#### [About this task]
Filter these entries, keeping only lines that hold the word "Locations".

>>

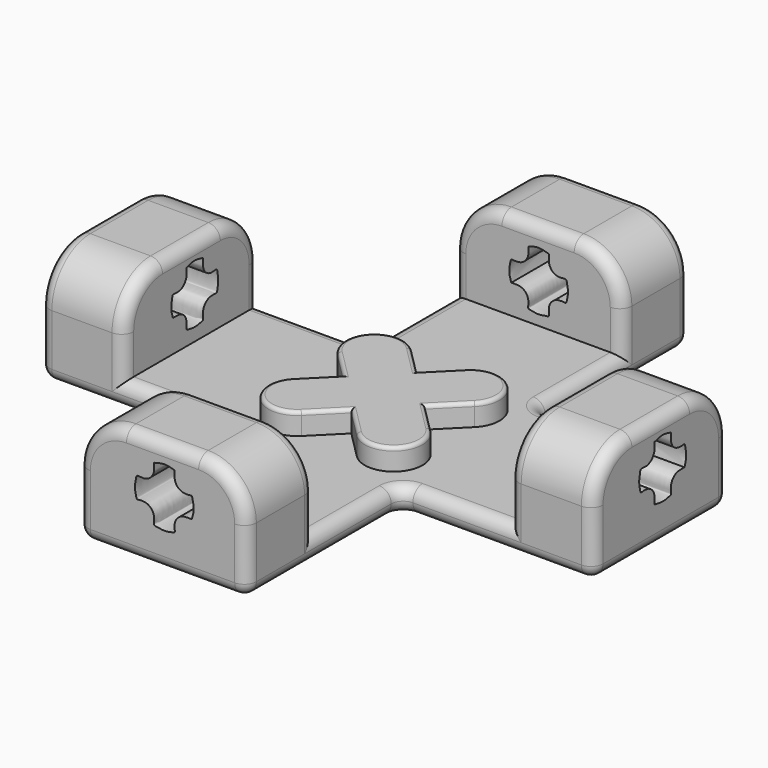
from build123d import *

# Parameters (mm, degrees)
F1_DEPTH  = 1.8
F2_W      = 14
F2_H      = 7
F2_W_2    = 7
F2_H_2    = 14
F3_DEPTH  = 2
F4_W      = 14
F4_H      = 6.9959031225
F4_W_2    = 7
F4_H_2    = 14
F4_H_3    = 7.0040968775
F5_DEPTH  = 7.3
F6_R      = 4
F7_R      = 1
F8_R      = 1
F9_R      = 0.99999
F10_R     = 0.3
F12_DEPTH = 11.1
F14_DEPTH = 8.3
F16_DEPTH = 9.8
F18_DEPTH = 12.3


# Not quite as in the source:
# - a fillet or chamfer is up to 0.001 mm smaller than in the source, because OpenCascade refuses the exact size


with BuildPart() as f1:
    # F0 (on Top) → F1 (new body)
    with BuildSketch(Plane.XY):
        with BuildLine():
            Line((4, -0.6058874503), (1.6970562748, 1.6970562748))
            ThreePointArc((1.6970562748, 1.6970562748), (-1.6970562748, 1.6970562748), (-1.6970562748, -1.6970562748))
            Line((-1.6970562748, -1.6970562748), (0.6058874503, -4))
            Line((0.6058874503, -4), (-1.6970562748, -6.3029437252))
            ThreePointArc((-1.6970562748, -6.3029437252), (-1.6970562748, -9.6970562748), (1.6970562748, -9.6970562748))
            Line((1.6970562748, -9.6970562748), (4, -7.3941125497))
            Line((4, -7.3941125497), (6.3029437252, -9.6970562748))
            ThreePointArc((6.3029437252, -9.6970562748), (9.6970562748, -9.6970562748), (9.6970562748, -6.3029437252))
            Line((9.6970562748, -6.3029437252), (7.3941125497, -4))
            Line((7.3941125497, -4), (9.6970562748, -1.6970562748))
            ThreePointArc((9.6970562748, -1.6970562748), (9.6970562748, 1.6970562748), (6.3029437252, 1.6970562748))
            Line((6.3029437252, 1.6970562748), (4, -0.6058874503))
        make_face()
    extrude(amount=F1_DEPTH)

    # F2 (on Top) → F3 (join)
    with BuildSketch(Plane.XY):
        Polygon((-2.9999892929, 11.9958924155), (-2.9999892929, 2.9999892929), (-11.9999892929, 2.9999892929), (-11.9999892929, -11.0000107071), (-2.9999892929, -11.0000107071), (-2.9999892929, -20.0041075845), (11.0000107071, -20.0041075845), (11.0000107071, -11.0000107071), (20.0000107071, -11.0000107071), (20.0000107071, 2.9999892929), (11.0000107071, 2.9999892929), (11.0000107071, 11.9958924155), align=None)
        with Locations((4.0000107071, 15.4958924155)):
            Rectangle(F2_W, F2_H)
        with Locations((23.5000107071, -4.0000107071)):
            Rectangle(F2_W_2, F2_H_2)
        with Locations((4.0000107071, -23.5041075845)):
            Rectangle(F2_W, F2_H)
        with Locations((-15.4999892929, -4.0000107071)):
            Rectangle(F2_W_2, F2_H_2)
    extrude(amount=-F3_DEPTH)

    # F4 (on Top) → F5 (join)
    with BuildSketch(Plane.XY):
        with Locations((4.0000107071, 15.4979408542)):
            Rectangle(F4_W, F4_H)
        with Locations((23.5000107071, -4.0000107071)):
            Rectangle(F4_W_2, F4_H_2)
        with Locations((4.0000107071, -23.5020591458)):
            Rectangle(F4_W, F4_H_3)
        with Locations((-15.4999892929, -4.0000107071)):
            Rectangle(F4_W_2, F4_H_2)
    extrude(amount=F5_DEPTH)

    # F6
    f6_edges = [f1.edges().sort_by_distance(p)[0] for p in [
        (-15.499989, -11.000011, 7.3),
        (-15.499989, 2.999989, 7.3),
        (-2.999989, 15.497941, 7.3),
        (11.000011, 15.497941, 7.3),
        (23.500011, 2.999989, 7.3),
        (23.500011, -11.000011, 7.3),
        (11.000011, -23.502059, 7.3),
        (-2.999989, -23.502059, 7.3),
    ]]
    fillet(f6_edges, radius=F6_R)

    # F7
    f7_edges = [f1.edges().sort_by_distance(p)[0] for p in [
        (11.000011, 2.999989, -1),
        (11.000011, -11.000011, -1),
        (-2.999989, -11.000011, -1),
        (-2.999989, 2.999989, -1),
    ]]
    fillet(f7_edges, radius=F7_R)

    # F8
    f8_edges = [f1.edges().sort_by_distance(p)[0] for p in [
        (4.000011, 11.999989, 7.3),
        (-2.999989, 7.999989, 0),
        (11.000011, 7.999989, 0),
        (16.000011, 2.999989, 0),
        (16.000011, -11.000011, 0),
        (11.000011, -16.000011, 0),
        (-2.999989, -16.000011, 0),
        (-7.999989, -11.000011, 0),
        (-11.999989, -11.000011, 1.65),
        (-11.999989, -9.828438, 6.128427),
        (-7.999989, 2.999989, 0),
        (-1.828416, -20.000011, 6.128427),
        (20.000011, -4.000011, 7.3),
    ]]
    fillet(f8_edges, radius=F8_R)

    # F9 (radius 1 in the source; OpenCascade refuses exactly that, so slightly less here)
    f9_edges = [f1.edges().sort_by_distance(p)[0] for p in [
        (-18.999989, -4.000011, -2),
        (-11.499989, -11.000011, -2),
        (-2.999989, -19.502059, -2),
        (4.000011, -27.004108, -2),
        (11.000011, -19.502059, -2),
        (19.500011, -11.000011, -2),
        (27.000011, -4.000011, -2),
        (19.500011, 2.999989, -2),
        (11.000011, 11.497941, -2),
        (4.000011, 18.995892, -2),
        (-2.999989, 11.497941, -2),
        (-11.499989, 2.999989, -2),
        (11.000011, -27.004108, 0.65),
        (-18.999989, -11.000011, 0.65),
        (11.000011, 18.995892, 0.65),
        (27.000011, -11.000011, 0.65),
        (9.828438, 18.995892, 6.128427),
        (4.000011, 18.995892, 7.3),
        (-1.828416, 18.995892, 6.128427),
        (-2.999989, 18.995892, 0.65),
        (27.000011, -9.828438, 6.128427),
    ]]
    fillet(f9_edges, radius=F9_R)

    # F10
    f10_edges = [f1.edges().sort_by_distance(p)[0] for p in [
        (-0.545584, -5.151472, 1.8),
        (-0.545584, -2.848528, 1.8),
        (5.151472, 0.545584, 1.8),
        (8.545584, -5.151472, 1.8),
    ]]
    fillet(f10_edges, radius=F10_R)

    # F11 (on face) → F12 (cut)
    with BuildSketch(Plane.XZ.offset(27.0041075845)):
        with BuildLine():
            add(Edge.make_bspline(
                [(3.2999345567, 5.6037250354), (3.5975526746, 5.687586009), (4.1816535074, 5.8550049268), (4.7306632188, 5.685472247), (4.99993539, 5.6037250354)],
                knots=[0, 0, 0, 0, 0.5095712537, 1, 1, 1, 1], degree=3))
            add(Edge.make_bspline(
                [(3.2999345567, 5.6037250354), (3.2997914577, 5.5046207932), (3.2995172318, 5.3147037295), (3.3013678423, 5.0579319697), (3.285142881, 4.8691711493), (3.1132152772, 4.5109370035), (2.9103884839, 4.3399213093), (2.6332595755, 4.2046464216), (2.3401893985, 4.152558247), (1.8063008396, 4.2848611379), (1.8028826955, 3.8836441954), (1.7190545507, 3.6225455659), (1.7057796695, 3.2865589672), (1.7304193555, 2.9964102571), (1.8037103792, 2.7530704225), (1.8385097046, 2.422824589), (2.085853781, 2.500540438), (2.3861098643, 2.4860762542), (2.6380285172, 2.4540894493), (2.8278573971, 2.3781123023), (3.0562738656, 2.1977796206), (3.1587343758, 2.056189962), (3.2569892854, 1.8763615175), (3.3031584367, 1.6178673329), (3.3160078463, 1.3931150125), (3.2239329679, 1.000952697), (3.5759092492, 0.9936268881), (3.8992705822, 0.9081798955), (4.1858347415, 0.9067191821), (4.449198525, 0.9117858339), (4.7992494383, 1.0119655112), (5.0600825983, 1.0125224534), (4.98740033, 1.3996974833), (4.9897909642, 1.647397314), (5.0917665392, 1.9978521743), (5.2336839413, 2.1863371986), (5.5038025959, 2.4191094542), (5.9300956535, 2.5007364234), (6.2533076094, 2.4887699322), (6.42106539, 2.4825589243)],
                knots=[0, 0, 0, 0, 0.0273605905, 0.0524320947, 0.0745076412, 0.1056108167, 0.1318649214, 0.158948127, 0.1874687016, 0.220995097, 0.2482860623, 0.2755720453, 0.3045111481, 0.3315301836, 0.3578655515, 0.3837385363, 0.4059679792, 0.434252013, 0.4594532962, 0.4822711791, 0.5090972104, 0.530231005, 0.5527300135, 0.5781274322, 0.6031996615, 0.6315546276, 0.6576667534, 0.6876672756, 0.714256594, 0.7402463844, 0.7710533559, 0.7932728015, 0.8216277676, 0.8482190477, 0.8777914221, 0.9023565188, 0.9315770045, 0.9644861842, 1, 1, 1, 1], degree=3))
            add(Edge.make_bspline(
                [(4.99993539, 5.6037250354), (4.9903855992, 5.410602556), (4.9727074583, 5.0432135196), (5.1083607047, 4.5888663629), (5.4523542561, 4.2786253369), (5.7951388392, 4.1733246286), (6.2046649316, 4.1639772963), (6.4586618911, 4.2377288636), (6.4965806342, 3.9160063414), (6.5923645303, 3.5592725409), (6.5906724356, 3.213239591), (6.5541039775, 2.8899520136), (6.4669974864, 2.6249335584), (6.42106539, 2.4825589243)],
                knots=[0, 0, 0, 0, 0.1117445823, 0.2125923647, 0.3107430927, 0.4000660841, 0.4960442665, 0.5626441507, 0.6379036869, 0.7311412958, 0.8178947498, 0.9022950941, 1, 1, 1, 1], degree=3))
        make_face()
    extrude(amount=-F12_DEPTH, mode=Mode.SUBTRACT)

    # F13 (on face) → F14 (cut)
    with BuildSketch(Plane.YZ.offset(27.0000107071)):
        with BuildLine():
            add(Edge.make_bspline(
                [(-4.6549346298, 5.7423317951), (-4.3573165119, 5.8261927687), (-3.7732156791, 5.9936116865), (-3.2242059677, 5.8240790068), (-2.9549337965, 5.7423317951)],
                knots=[0, 0, 0, 0, 0.5095712537, 1, 1, 1, 1], degree=3))
            add(Edge.make_bspline(
                [(-4.6549346298, 5.7423317951), (-4.6550777288, 5.6432275529), (-4.6553519547, 5.4533104892), (-4.6535013442, 5.1965387294), (-4.6697263055, 5.0077779091), (-4.8416539093, 4.6495437632), (-5.0444807026, 4.478528069), (-5.321609611, 4.3432531813), (-5.614679788, 4.2911650067), (-6.1485683469, 4.4234678977), (-6.151986491, 4.0222509551), (-6.2358146358, 3.7611523257), (-6.2490895171, 3.425165727), (-6.224449831, 3.1350170168), (-6.1511588073, 2.8916771822), (-6.1163594819, 2.5614313487), (-5.8690154055, 2.6391471977), (-5.5687593222, 2.6246830139), (-5.3168406693, 2.5926962091), (-5.1270117894, 2.516719062), (-4.8985953209, 2.3363863804), (-4.7961348107, 2.1947967217), (-4.6978799011, 2.0149682772), (-4.6517107498, 1.7564740926), (-4.6388613402, 1.5317217722), (-4.7309362186, 1.1395594567), (-4.3789599373, 1.1322336478), (-4.0555986043, 1.0467866552), (-3.769034445, 1.0453259418), (-3.5056706615, 1.0503925936), (-3.1556197482, 1.1505722709), (-2.8947865882, 1.1511292131), (-2.9674688565, 1.5383042431), (-2.9650782224, 1.7860040737), (-2.8631026473, 2.136458934), (-2.7211852453, 2.3249439584), (-2.4510665906, 2.5577162139), (-2.024773533, 2.6393431832), (-1.7015615771, 2.6273766919), (-1.5338037965, 2.621165684)],
                knots=[0, 0, 0, 0, 0.0273605905, 0.0524320947, 0.0745076412, 0.1056108167, 0.1318649214, 0.158948127, 0.1874687016, 0.220995097, 0.2482860623, 0.2755720453, 0.3045111481, 0.3315301836, 0.3578655515, 0.3837385363, 0.4059679792, 0.434252013, 0.4594532962, 0.4822711791, 0.5090972104, 0.530231005, 0.5527300135, 0.5781274322, 0.6031996615, 0.6315546276, 0.6576667534, 0.6876672756, 0.714256594, 0.7402463844, 0.7710533559, 0.7932728015, 0.8216277676, 0.8482190477, 0.8777914221, 0.9023565188, 0.9315770045, 0.9644861842, 1, 1, 1, 1], degree=3))
            add(Edge.make_bspline(
                [(-2.9549337965, 5.7423317951), (-2.9644835873, 5.5492093157), (-2.9821617282, 5.1818202794), (-2.8465084818, 4.7274731226), (-2.5025149304, 4.4172320966), (-2.1597303473, 4.3119313883), (-1.7502042549, 4.302584056), (-1.4962072954, 4.3763356233), (-1.4582885523, 4.0546131012), (-1.3625046562, 3.6978793007), (-1.3641967509, 3.3518463508), (-1.400765209, 3.0285587733), (-1.4878717002, 2.7635403182), (-1.5338037965, 2.621165684)],
                knots=[0, 0, 0, 0, 0.1117445823, 0.2125923647, 0.3107430927, 0.4000660841, 0.4960442665, 0.5626441507, 0.6379036869, 0.7311412958, 0.8178947498, 0.9022950941, 1, 1, 1, 1], degree=3))
        make_face()
    extrude(amount=-F14_DEPTH, mode=Mode.SUBTRACT)

    # F15 (on face) → F16 (cut)
    with BuildSketch(Plane(origin=(0, 18.9958924155, 0), x_dir=(-1, 0, 0), z_dir=(0, 1, 0))):
        with BuildLine():
            add(Edge.make_bspline(
                [(-4.8975730315, 5.5423315528), (-4.5999549136, 5.6261925264), (-4.0158540808, 5.7936114442), (-3.4668443694, 5.6240787644), (-3.1975721982, 5.5423315528)],
                knots=[0, 0, 0, 0, 0.5095712537, 1, 1, 1, 1], degree=3))
            add(Edge.make_bspline(
                [(-4.8975730315, 5.5423315528), (-4.8977161305, 5.4432273106), (-4.8979903564, 5.2533102469), (-4.8961397459, 4.9965384871), (-4.9123647072, 4.8077776667), (-5.084292311, 4.4495435209), (-5.2871191043, 4.2785278267), (-5.5642480127, 4.143252939), (-5.8573181897, 4.0911647644), (-6.3912067486, 4.2234676553), (-6.3946248927, 3.8222507128), (-6.4784530375, 3.5611520833), (-6.4917279187, 3.2251654846), (-6.4670882327, 2.9350167745), (-6.393797209, 2.6916769399), (-6.3589978836, 2.3614311064), (-6.1116538072, 2.4391469554), (-5.8113977239, 2.4246827716), (-5.559479071, 2.3926959667), (-5.3696501911, 2.3167188197), (-5.1412337226, 2.136386138), (-5.0387732124, 1.9947964794), (-4.9405183028, 1.8149680349), (-4.8943491515, 1.5564738503), (-4.8814997419, 1.3317215299), (-4.9735746203, 0.9395592144), (-4.6215983389, 0.9322334055), (-4.298237006, 0.8467864129), (-4.0116728467, 0.8453256995), (-3.7483090631, 0.8503923513), (-3.3982581499, 0.9505720286), (-3.1374249899, 0.9511289708), (-3.2101072582, 1.3383040007), (-3.207716624, 1.5860038314), (-3.105741049, 1.9364586917), (-2.9638236469, 2.124943716), (-2.6937049923, 2.3577159716), (-2.2674119346, 2.4393429408), (-1.9441999788, 2.4273764496), (-1.7764421982, 2.4211654417)],
                knots=[0, 0, 0, 0, 0.0273605905, 0.0524320947, 0.0745076412, 0.1056108167, 0.1318649214, 0.158948127, 0.1874687016, 0.220995097, 0.2482860623, 0.2755720453, 0.3045111481, 0.3315301836, 0.3578655515, 0.3837385363, 0.4059679792, 0.434252013, 0.4594532962, 0.4822711791, 0.5090972104, 0.530231005, 0.5527300135, 0.5781274322, 0.6031996615, 0.6315546276, 0.6576667534, 0.6876672756, 0.714256594, 0.7402463844, 0.7710533559, 0.7932728015, 0.8216277676, 0.8482190477, 0.8777914221, 0.9023565188, 0.9315770045, 0.9644861842, 1, 1, 1, 1], degree=3))
            add(Edge.make_bspline(
                [(-3.1975721982, 5.5423315528), (-3.207121989, 5.3492090733), (-3.2248001299, 4.981820037), (-3.0891468835, 4.5274728803), (-2.7451533321, 4.2172318542), (-2.402368749, 4.111931146), (-1.9928426566, 4.1025838136), (-1.7388456971, 4.176335381), (-1.700926954, 3.8546128588), (-1.6051430579, 3.4978790583), (-1.6068351526, 3.1518461084), (-1.6434036107, 2.828558531), (-1.7305101018, 2.5635400758), (-1.7764421982, 2.4211654417)],
                knots=[0, 0, 0, 0, 0.1117445823, 0.2125923647, 0.3107430927, 0.4000660841, 0.4960442665, 0.5626441507, 0.6379036869, 0.7311412958, 0.8178947498, 0.9022950941, 1, 1, 1, 1], degree=3))
        make_face()
    extrude(amount=-F16_DEPTH, mode=Mode.SUBTRACT)

    # F17 (on face) → F18 (cut)
    with BuildSketch(Plane(origin=(-18.9999892929, 0, 0), x_dir=(0, -1, 0), z_dir=(-1, 0, 0))):
        with BuildLine():
            add(Edge.make_bspline(
                [(2.8033523837, 5.7632265992), (3.1009705015, 5.8470875727), (3.6850713343, 6.0145064905), (4.2340810457, 5.8449738108), (4.503353217, 5.7632265992)],
                knots=[0, 0, 0, 0, 0.5095712537, 1, 1, 1, 1], degree=3))
            add(Edge.make_bspline(
                [(2.8033523837, 5.7632265992), (2.8032092846, 5.6641223569), (2.8029350588, 5.4742052932), (2.8047856693, 5.2174335335), (2.788560708, 5.0286727131), (2.6166331042, 4.6704385673), (2.4138063109, 4.499422873), (2.1366774025, 4.3641479854), (1.8436072255, 4.3120598108), (1.3097186665, 4.4443627017), (1.3063005224, 4.0431457591), (1.2224723776, 3.7820471297), (1.2091974964, 3.446060531), (1.2338371825, 3.1559118208), (1.3071282061, 2.9125719863), (1.3419275316, 2.5823261527), (1.5892716079, 2.6600420018), (1.8895276912, 2.645577818), (2.1414463442, 2.6135910131), (2.3312752241, 2.5376138661), (2.5596916926, 2.3572811844), (2.6621522027, 2.2156915257), (2.7604071124, 2.0358630813), (2.8065762636, 1.7773688966), (2.8194256732, 1.5526165763), (2.7273507948, 1.1604542607), (3.0793270762, 1.1531284518), (3.4026884092, 1.0676814592), (3.6892525685, 1.0662207458), (3.952616352, 1.0712873977), (4.3026672652, 1.1714670749), (4.5635004253, 1.1720240172), (4.490818157, 1.5591990471), (4.4932087911, 1.8068988778), (4.5951843661, 2.157353738), (4.7371017682, 2.3458387624), (5.0072204228, 2.578611018), (5.4335134805, 2.6602379872), (5.7567254363, 2.648271496), (5.924483217, 2.6420604881)],
                knots=[0, 0, 0, 0, 0.0273605905, 0.0524320947, 0.0745076412, 0.1056108167, 0.1318649214, 0.158948127, 0.1874687016, 0.220995097, 0.2482860623, 0.2755720453, 0.3045111481, 0.3315301836, 0.3578655515, 0.3837385363, 0.4059679792, 0.434252013, 0.4594532962, 0.4822711791, 0.5090972104, 0.530231005, 0.5527300135, 0.5781274322, 0.6031996615, 0.6315546276, 0.6576667534, 0.6876672756, 0.714256594, 0.7402463844, 0.7710533559, 0.7932728015, 0.8216277676, 0.8482190477, 0.8777914221, 0.9023565188, 0.9315770045, 0.9644861842, 1, 1, 1, 1], degree=3))
            add(Edge.make_bspline(
                [(4.503353217, 5.7632265992), (4.4938034262, 5.5701041197), (4.4761252853, 5.2027150834), (4.6117785316, 4.7483679267), (4.9557720831, 4.4381269006), (5.2985566662, 4.3328261923), (5.7080827586, 4.32347886), (5.962079718, 4.3972304274), (5.9999984612, 4.0755079052), (6.0957823573, 3.7187741047), (6.0940902626, 3.3727411548), (6.0575218044, 3.0494535773), (5.9704153133, 2.7844351222), (5.924483217, 2.6420604881)],
                knots=[0, 0, 0, 0, 0.1117445823, 0.2125923647, 0.3107430927, 0.4000660841, 0.4960442665, 0.5626441507, 0.6379036869, 0.7311412958, 0.8178947498, 0.9022950941, 1, 1, 1, 1], degree=3))
        make_face()
    extrude(amount=-F18_DEPTH, mode=Mode.SUBTRACT)


solid = f1.part
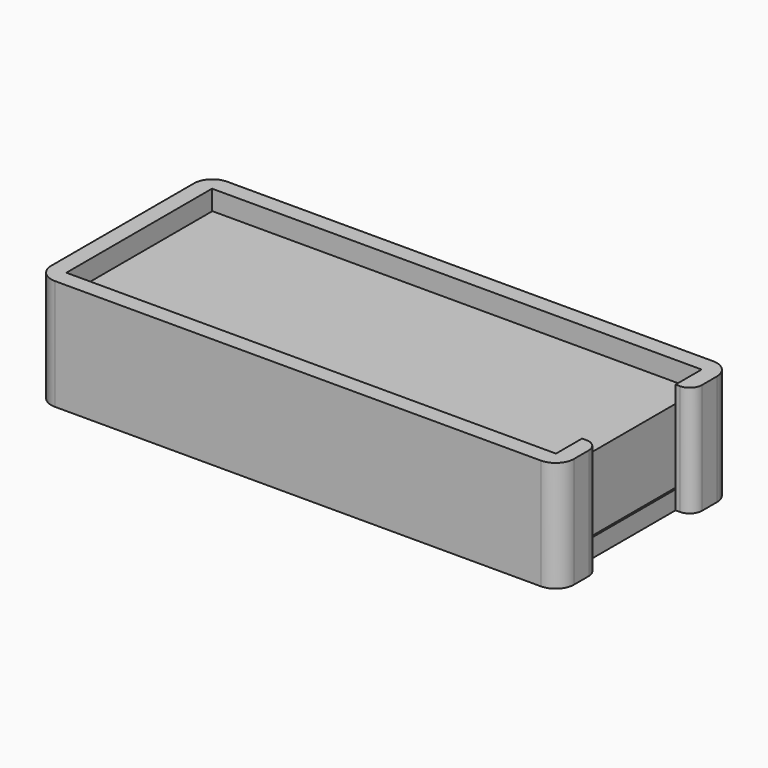
from build123d import *

# Parameters (mm, degrees)
F0_W     = 79
F0_H     = 29
F1_DEPTH = 12
F2_W     = 85
F2_H     = 35
F2_W_2   = 79.6
F2_H_2   = 29.6
F3_DEPTH = 15
F4_W     = 85
F4_H     = 35
F5_DEPTH = 3
F6_W     = 2.7
F6_H     = 19
F7_DEPTH = 25
F8_R     = 2
F9_R     = 3


with BuildPart() as f1:
    # F0 (on Top) → F1 (new body)
    with BuildSketch(Plane.XY):
        Rectangle(F0_W, F0_H)
    extrude(amount=F1_DEPTH)


with BuildPart() as f3:
    # F2 (on Top) → F3 (new body)
    with BuildSketch(Plane.XY):
        Rectangle(F2_W, F2_H)
        Rectangle(F2_W_2, F2_H_2, mode=Mode.SUBTRACT)
    extrude(amount=F3_DEPTH)

    # F4 (on face) → F5 (join)
    with BuildSketch(Plane(origin=(0, 0, 0), x_dir=(1, 0, 0), z_dir=(0, 0, -1))):
        Rectangle(F4_W, F4_H)
    extrude(amount=F5_DEPTH)

    # F6 (on face) → F7 (cut)
    with BuildSketch(Plane.XY.offset(15)):
        with Locations((41.15, 0)):
            Rectangle(F6_W, F6_H)
    extrude(amount=-F7_DEPTH, mode=Mode.SUBTRACT)

    # F8
    f8_edges = [f3.edges().sort_by_distance(p)[0] for p in [
        (42.5, -9.5, 6),
        (42.5, 9.5, 6),
    ]]
    fillet(f8_edges, radius=F8_R)

    # F9
    f9_edges = [f3.edges().sort_by_distance(p)[0] for p in [
        (42.5, -17.5, 6),
        (-42.5, -17.5, 6),
        (-42.5, 17.5, 6),
        (42.5, 17.5, 6),
    ]]
    fillet(f9_edges, radius=F9_R)


solid = Compound([f1.part, f3.part])

<<

#### [Solution for this problem]
        with Locations((4.0000107071, 15.4958924155)):
        with Locations((23.5000107071, -4.0000107071)):
        with Locations((4.0000107071, -23.5041075845)):
        with Locations((-15.4999892929, -4.0000107071)):
        with Locations((4.0000107071, 15.4979408542)):
        with Locations((23.5000107071, -4.0000107071)):
        with Locations((4.0000107071, -23.5020591458)):
        with Locations((-15.4999892929, -4.0000107071)):
        with Locations((41.15, 0)):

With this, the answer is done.